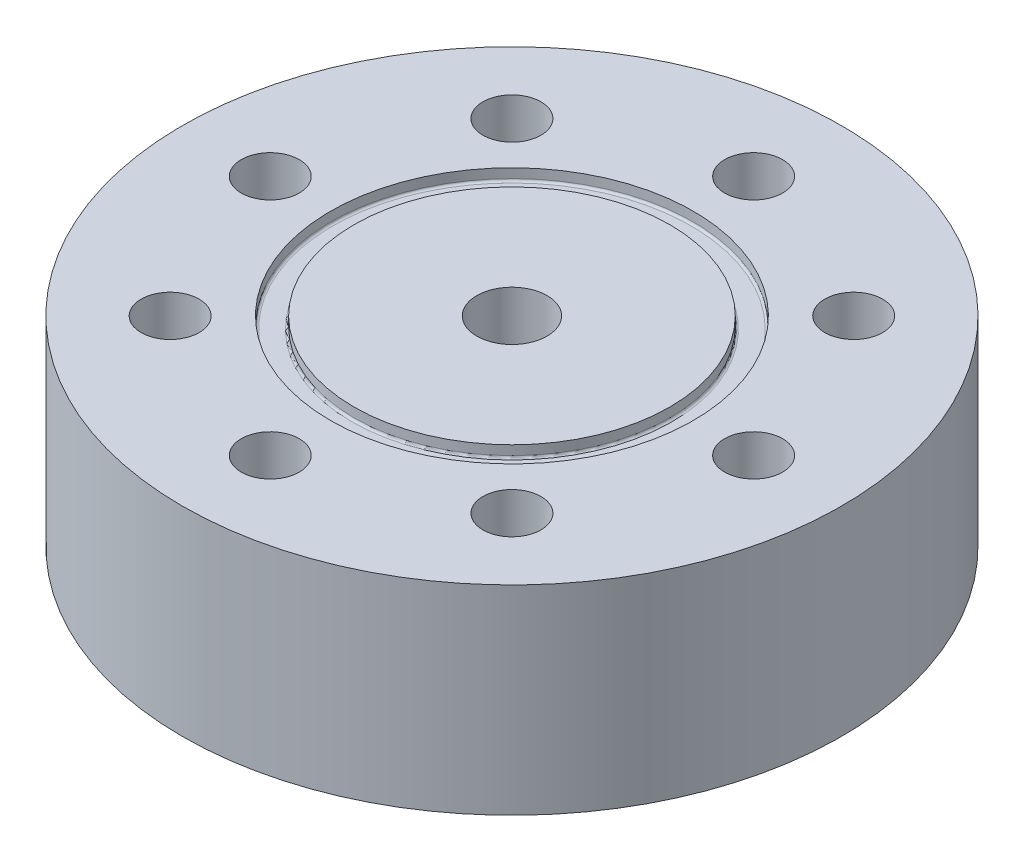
ISO-10303-21;
HEADER;
FILE_DESCRIPTION(('STEP AP214'),'2;1');
FILE_NAME('part.step','',(''),(''),'','','');
FILE_SCHEMA(('AUTOMOTIVE_DESIGN { 1 0 10303 214 1 1 1 1 }'));
ENDSEC;
DATA;
#1=APPLICATION_CONTEXT('core data for automotive mechanical design processes');
#2=APPLICATION_PROTOCOL_DEFINITION('international standard','automotive_design',2000,#1);
#3=PRODUCT_CONTEXT('',#1,'mechanical');
#4=PRODUCT('Part','Part','',(#3));
#5=PRODUCT_RELATED_PRODUCT_CATEGORY('part','',(#4));
#6=PRODUCT_DEFINITION_FORMATION('','',#4);
#7=PRODUCT_DEFINITION_CONTEXT('part definition',#1,'design');
#8=PRODUCT_DEFINITION('design','',#6,#7);
#9=PRODUCT_DEFINITION_SHAPE('','',#8);
#10=(LENGTH_UNIT() NAMED_UNIT(*) SI_UNIT(.MILLI.,.METRE.));
#11=(NAMED_UNIT(*) PLANE_ANGLE_UNIT() SI_UNIT($,.RADIAN.));
#12=(NAMED_UNIT(*) SI_UNIT($,.STERADIAN.) SOLID_ANGLE_UNIT());
#13=UNCERTAINTY_MEASURE_WITH_UNIT(LENGTH_MEASURE(1.E-05),#10,'distance_accuracy_value','');
#14=(GEOMETRIC_REPRESENTATION_CONTEXT(3) GLOBAL_UNCERTAINTY_ASSIGNED_CONTEXT((#13)) GLOBAL_UNIT_ASSIGNED_CONTEXT((#10,
#11,#12)) REPRESENTATION_CONTEXT('',''));
#15=CARTESIAN_POINT('',(0.,0.,0.));
#16=DIRECTION('',(0.,0.,1.));
#17=DIRECTION('',(1.,0.,0.));
#18=AXIS2_PLACEMENT_3D('',#15,#16,#17);
#19=CARTESIAN_POINT('',(0.,22.7,0.));
#20=DIRECTION('',(0.,-1.,0.));
#21=DIRECTION('',(0.,0.,-1.));
#22=AXIS2_PLACEMENT_3D('',#19,#20,#21);
#23=CYLINDRICAL_SURFACE('',#22,37.5);
#24=CARTESIAN_POINT('',(0.,22.7,0.));
#25=DIRECTION('',(0.,1.,0.));
#26=DIRECTION('',(0.,0.,1.));
#27=AXIS2_PLACEMENT_3D('',#24,#25,#26);
#28=CIRCLE('',#27,37.5);
#29=CARTESIAN_POINT('',(0.,22.7,37.5));
#30=VERTEX_POINT('',#29);
#31=EDGE_CURVE('E60',#30,#30,#28,.T.);
#32=ORIENTED_EDGE('',*,*,#31,.F.);
#33=EDGE_LOOP('',(#32));
#34=FACE_BOUND('',#33,.T.);
#35=CARTESIAN_POINT('',(0.,0.,0.));
#36=DIRECTION('',(0.,1.,0.));
#37=DIRECTION('',(0.,0.,1.));
#38=AXIS2_PLACEMENT_3D('',#35,#36,#37);
#39=CIRCLE('',#38,37.5);
#40=CARTESIAN_POINT('',(0.,0.,37.5));
#41=VERTEX_POINT('',#40);
#42=EDGE_CURVE('E61',#41,#41,#39,.T.);
#43=ORIENTED_EDGE('',*,*,#42,.T.);
#44=EDGE_LOOP('',(#43));
#45=FACE_BOUND('',#44,.T.);
#46=ADVANCED_FACE('F36',(#34,#45),#23,.T.);
#47=CARTESIAN_POINT('',(0.,22.7,0.));
#48=DIRECTION('',(0.,1.,0.));
#49=DIRECTION('',(0.,0.,1.));
#50=AXIS2_PLACEMENT_3D('',#47,#48,#49);
#51=PLANE('',#50);
#52=CARTESIAN_POINT('',(0.,22.7,0.));
#53=DIRECTION('',(0.,1.,0.));
#54=DIRECTION('',(0.,0.,1.));
#55=AXIS2_PLACEMENT_3D('',#52,#53,#54);
#56=CIRCLE('',#55,20.6375);
#57=CARTESIAN_POINT('',(0.,22.7,20.6375));
#58=VERTEX_POINT('',#57);
#59=EDGE_CURVE('E82',#58,#58,#56,.T.);
#60=ORIENTED_EDGE('',*,*,#59,.F.);
#61=EDGE_LOOP('',(#60));
#62=FACE_BOUND('',#61,.T.);
#63=CARTESIAN_POINT('',(-27.5,22.7,0.));
#64=DIRECTION('',(0.,-1.,0.));
#65=DIRECTION('',(0.,0.,-1.));
#66=AXIS2_PLACEMENT_3D('',#63,#64,#65);
#67=CIRCLE('',#66,3.3);
#68=CARTESIAN_POINT('',(-27.5,22.7,-3.3));
#69=VERTEX_POINT('',#68);
#70=EDGE_CURVE('E73',#69,#69,#67,.T.);
#71=ORIENTED_EDGE('',*,*,#70,.T.);
#72=EDGE_LOOP('',(#71));
#73=FACE_BOUND('',#72,.T.);
#74=CARTESIAN_POINT('',(-19.44543648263,22.7,19.4454364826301));
#75=DIRECTION('',(0.,-1.,0.));
#76=DIRECTION('',(0.,0.,-1.));
#77=AXIS2_PLACEMENT_3D('',#74,#75,#76);
#78=CIRCLE('',#77,3.30000000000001);
#79=CARTESIAN_POINT('',(-19.44543648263,22.7,16.1454364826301));
#80=VERTEX_POINT('',#79);
#81=EDGE_CURVE('E130',#80,#80,#78,.T.);
#82=ORIENTED_EDGE('',*,*,#81,.T.);
#83=EDGE_LOOP('',(#82));
#84=FACE_BOUND('',#83,.T.);
#85=CARTESIAN_POINT('',(0.,22.7,27.5));
#86=DIRECTION('',(0.,-1.,0.));
#87=DIRECTION('',(0.,0.,-1.));
#88=AXIS2_PLACEMENT_3D('',#85,#86,#87);
#89=CIRCLE('',#88,3.3);
#90=CARTESIAN_POINT('',(0.,22.7,24.2));
#91=VERTEX_POINT('',#90);
#92=EDGE_CURVE('E122',#91,#91,#89,.T.);
#93=ORIENTED_EDGE('',*,*,#92,.T.);
#94=EDGE_LOOP('',(#93));
#95=FACE_BOUND('',#94,.T.);
#96=CARTESIAN_POINT('',(19.4454364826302,22.7,19.44543648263));
#97=DIRECTION('',(0.,-1.,0.));
#98=DIRECTION('',(0.,0.,-1.));
#99=AXIS2_PLACEMENT_3D('',#96,#97,#98);
#100=CIRCLE('',#99,3.3);
#101=CARTESIAN_POINT('',(19.4454364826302,22.7,16.14543648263));
#102=VERTEX_POINT('',#101);
#103=EDGE_CURVE('E114',#102,#102,#100,.T.);
#104=ORIENTED_EDGE('',*,*,#103,.T.);
#105=EDGE_LOOP('',(#104));
#106=FACE_BOUND('',#105,.T.);
#107=CARTESIAN_POINT('',(27.5,22.7,-1.92031473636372E-13));
#108=DIRECTION('',(0.,-1.,0.));
#109=DIRECTION('',(0.,0.,-1.));
#110=AXIS2_PLACEMENT_3D('',#107,#108,#109);
#111=CIRCLE('',#110,3.3);
#112=CARTESIAN_POINT('',(27.5,22.7,-3.30000000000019));
#113=VERTEX_POINT('',#112);
#114=EDGE_CURVE('E106',#113,#113,#111,.T.);
#115=ORIENTED_EDGE('',*,*,#114,.T.);
#116=EDGE_LOOP('',(#115));
#117=FACE_BOUND('',#116,.T.);
#118=CARTESIAN_POINT('',(19.4454364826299,22.7,-19.4454364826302));
#119=DIRECTION('',(0.,-1.,0.));
#120=DIRECTION('',(0.,0.,-1.));
#121=AXIS2_PLACEMENT_3D('',#118,#119,#120);
#122=CIRCLE('',#121,3.3);
#123=CARTESIAN_POINT('',(19.4454364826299,22.7,-22.7454364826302));
#124=VERTEX_POINT('',#123);
#125=EDGE_CURVE('E98',#124,#124,#122,.T.);
#126=ORIENTED_EDGE('',*,*,#125,.T.);
#127=EDGE_LOOP('',(#126));
#128=FACE_BOUND('',#127,.T.);
#129=CARTESIAN_POINT('',(-2.88047210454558E-13,22.7,-27.5));
#130=DIRECTION('',(0.,-1.,0.));
#131=DIRECTION('',(0.,0.,-1.));
#132=AXIS2_PLACEMENT_3D('',#129,#130,#131);
#133=CIRCLE('',#132,3.3);
#134=CARTESIAN_POINT('',(-2.88047210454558E-13,22.7,-30.8));
#135=VERTEX_POINT('',#134);
#136=EDGE_CURVE('E90',#135,#135,#133,.T.);
#137=ORIENTED_EDGE('',*,*,#136,.T.);
#138=EDGE_LOOP('',(#137));
#139=FACE_BOUND('',#138,.T.);
#140=CARTESIAN_POINT('',(-19.4454364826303,22.7,-19.4454364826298));
#141=DIRECTION('',(0.,-1.,0.));
#142=DIRECTION('',(0.,0.,-1.));
#143=AXIS2_PLACEMENT_3D('',#140,#141,#142);
#144=CIRCLE('',#143,3.3);
#145=CARTESIAN_POINT('',(-19.4454364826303,22.7,-22.7454364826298));
#146=VERTEX_POINT('',#145);
#147=EDGE_CURVE('E81',#146,#146,#144,.T.);
#148=ORIENTED_EDGE('',*,*,#147,.T.);
#149=EDGE_LOOP('',(#148));
#150=FACE_BOUND('',#149,.T.);
#151=ORIENTED_EDGE('',*,*,#31,.T.);
#152=EDGE_LOOP('',(#151));
#153=FACE_BOUND('',#152,.T.);
#154=ADVANCED_FACE('F172',(#62,#73,#84,#95,#106,#117,#128,#139,#150,#153),#51,.T.);
#155=CARTESIAN_POINT('',(0.,0.,0.));
#156=DIRECTION('',(0.,1.,0.));
#157=DIRECTION('',(0.,0.,1.));
#158=AXIS2_PLACEMENT_3D('',#155,#156,#157);
#159=PLANE('',#158);
#160=CARTESIAN_POINT('',(-27.5,0.,0.));
#161=DIRECTION('',(0.,-1.,0.));
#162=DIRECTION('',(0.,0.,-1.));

• • • •

TASK OBJECTIVE: Of the entries above, transcribe exactly those lines that fall between the line containing "#9=PRODUCT_DEFINITION_SHAPE('','',#8);" and the line containing "#35=CARTESIAN_POINT('',(0.,0.,0.));", together with those two lines.

EXPECTED OUTPUT:
#9=PRODUCT_DEFINITION_SHAPE('','',#8);
#10=(LENGTH_UNIT() NAMED_UNIT(*) SI_UNIT(.MILLI.,.METRE.));
#11=(NAMED_UNIT(*) PLANE_ANGLE_UNIT() SI_UNIT($,.RADIAN.));
#12=(NAMED_UNIT(*) SI_UNIT($,.STERADIAN.) SOLID_ANGLE_UNIT());
#13=UNCERTAINTY_MEASURE_WITH_UNIT(LENGTH_MEASURE(1.E-05),#10,'distance_accuracy_value','');
#14=(GEOMETRIC_REPRESENTATION_CONTEXT(3) GLOBAL_UNCERTAINTY_ASSIGNED_CONTEXT((#13)) GLOBAL_UNIT_ASSIGNED_CONTEXT((#10,
#11,#12)) REPRESENTATION_CONTEXT('',''));
#15=CARTESIAN_POINT('',(0.,0.,0.));
#16=DIRECTION('',(0.,0.,1.));
#17=DIRECTION('',(1.,0.,0.));
#18=AXIS2_PLACEMENT_3D('',#15,#16,#17);
#19=CARTESIAN_POINT('',(0.,22.7,0.));
#20=DIRECTION('',(0.,-1.,0.));
#21=DIRECTION('',(0.,0.,-1.));
#22=AXIS2_PLACEMENT_3D('',#19,#20,#21);
#23=CYLINDRICAL_SURFACE('',#22,37.5);
#24=CARTESIAN_POINT('',(0.,22.7,0.));
#25=DIRECTION('',(0.,1.,0.));
#26=DIRECTION('',(0.,0.,1.));
#27=AXIS2_PLACEMENT_3D('',#24,#25,#26);
#28=CIRCLE('',#27,37.5);
#29=CARTESIAN_POINT('',(0.,22.7,37.5));
#30=VERTEX_POINT('',#29);
#31=EDGE_CURVE('E60',#30,#30,#28,.T.);
#32=ORIENTED_EDGE('',*,*,#31,.F.);
#33=EDGE_LOOP('',(#32));
#34=FACE_BOUND('',#33,.T.);
#35=CARTESIAN_POINT('',(0.,0.,0.));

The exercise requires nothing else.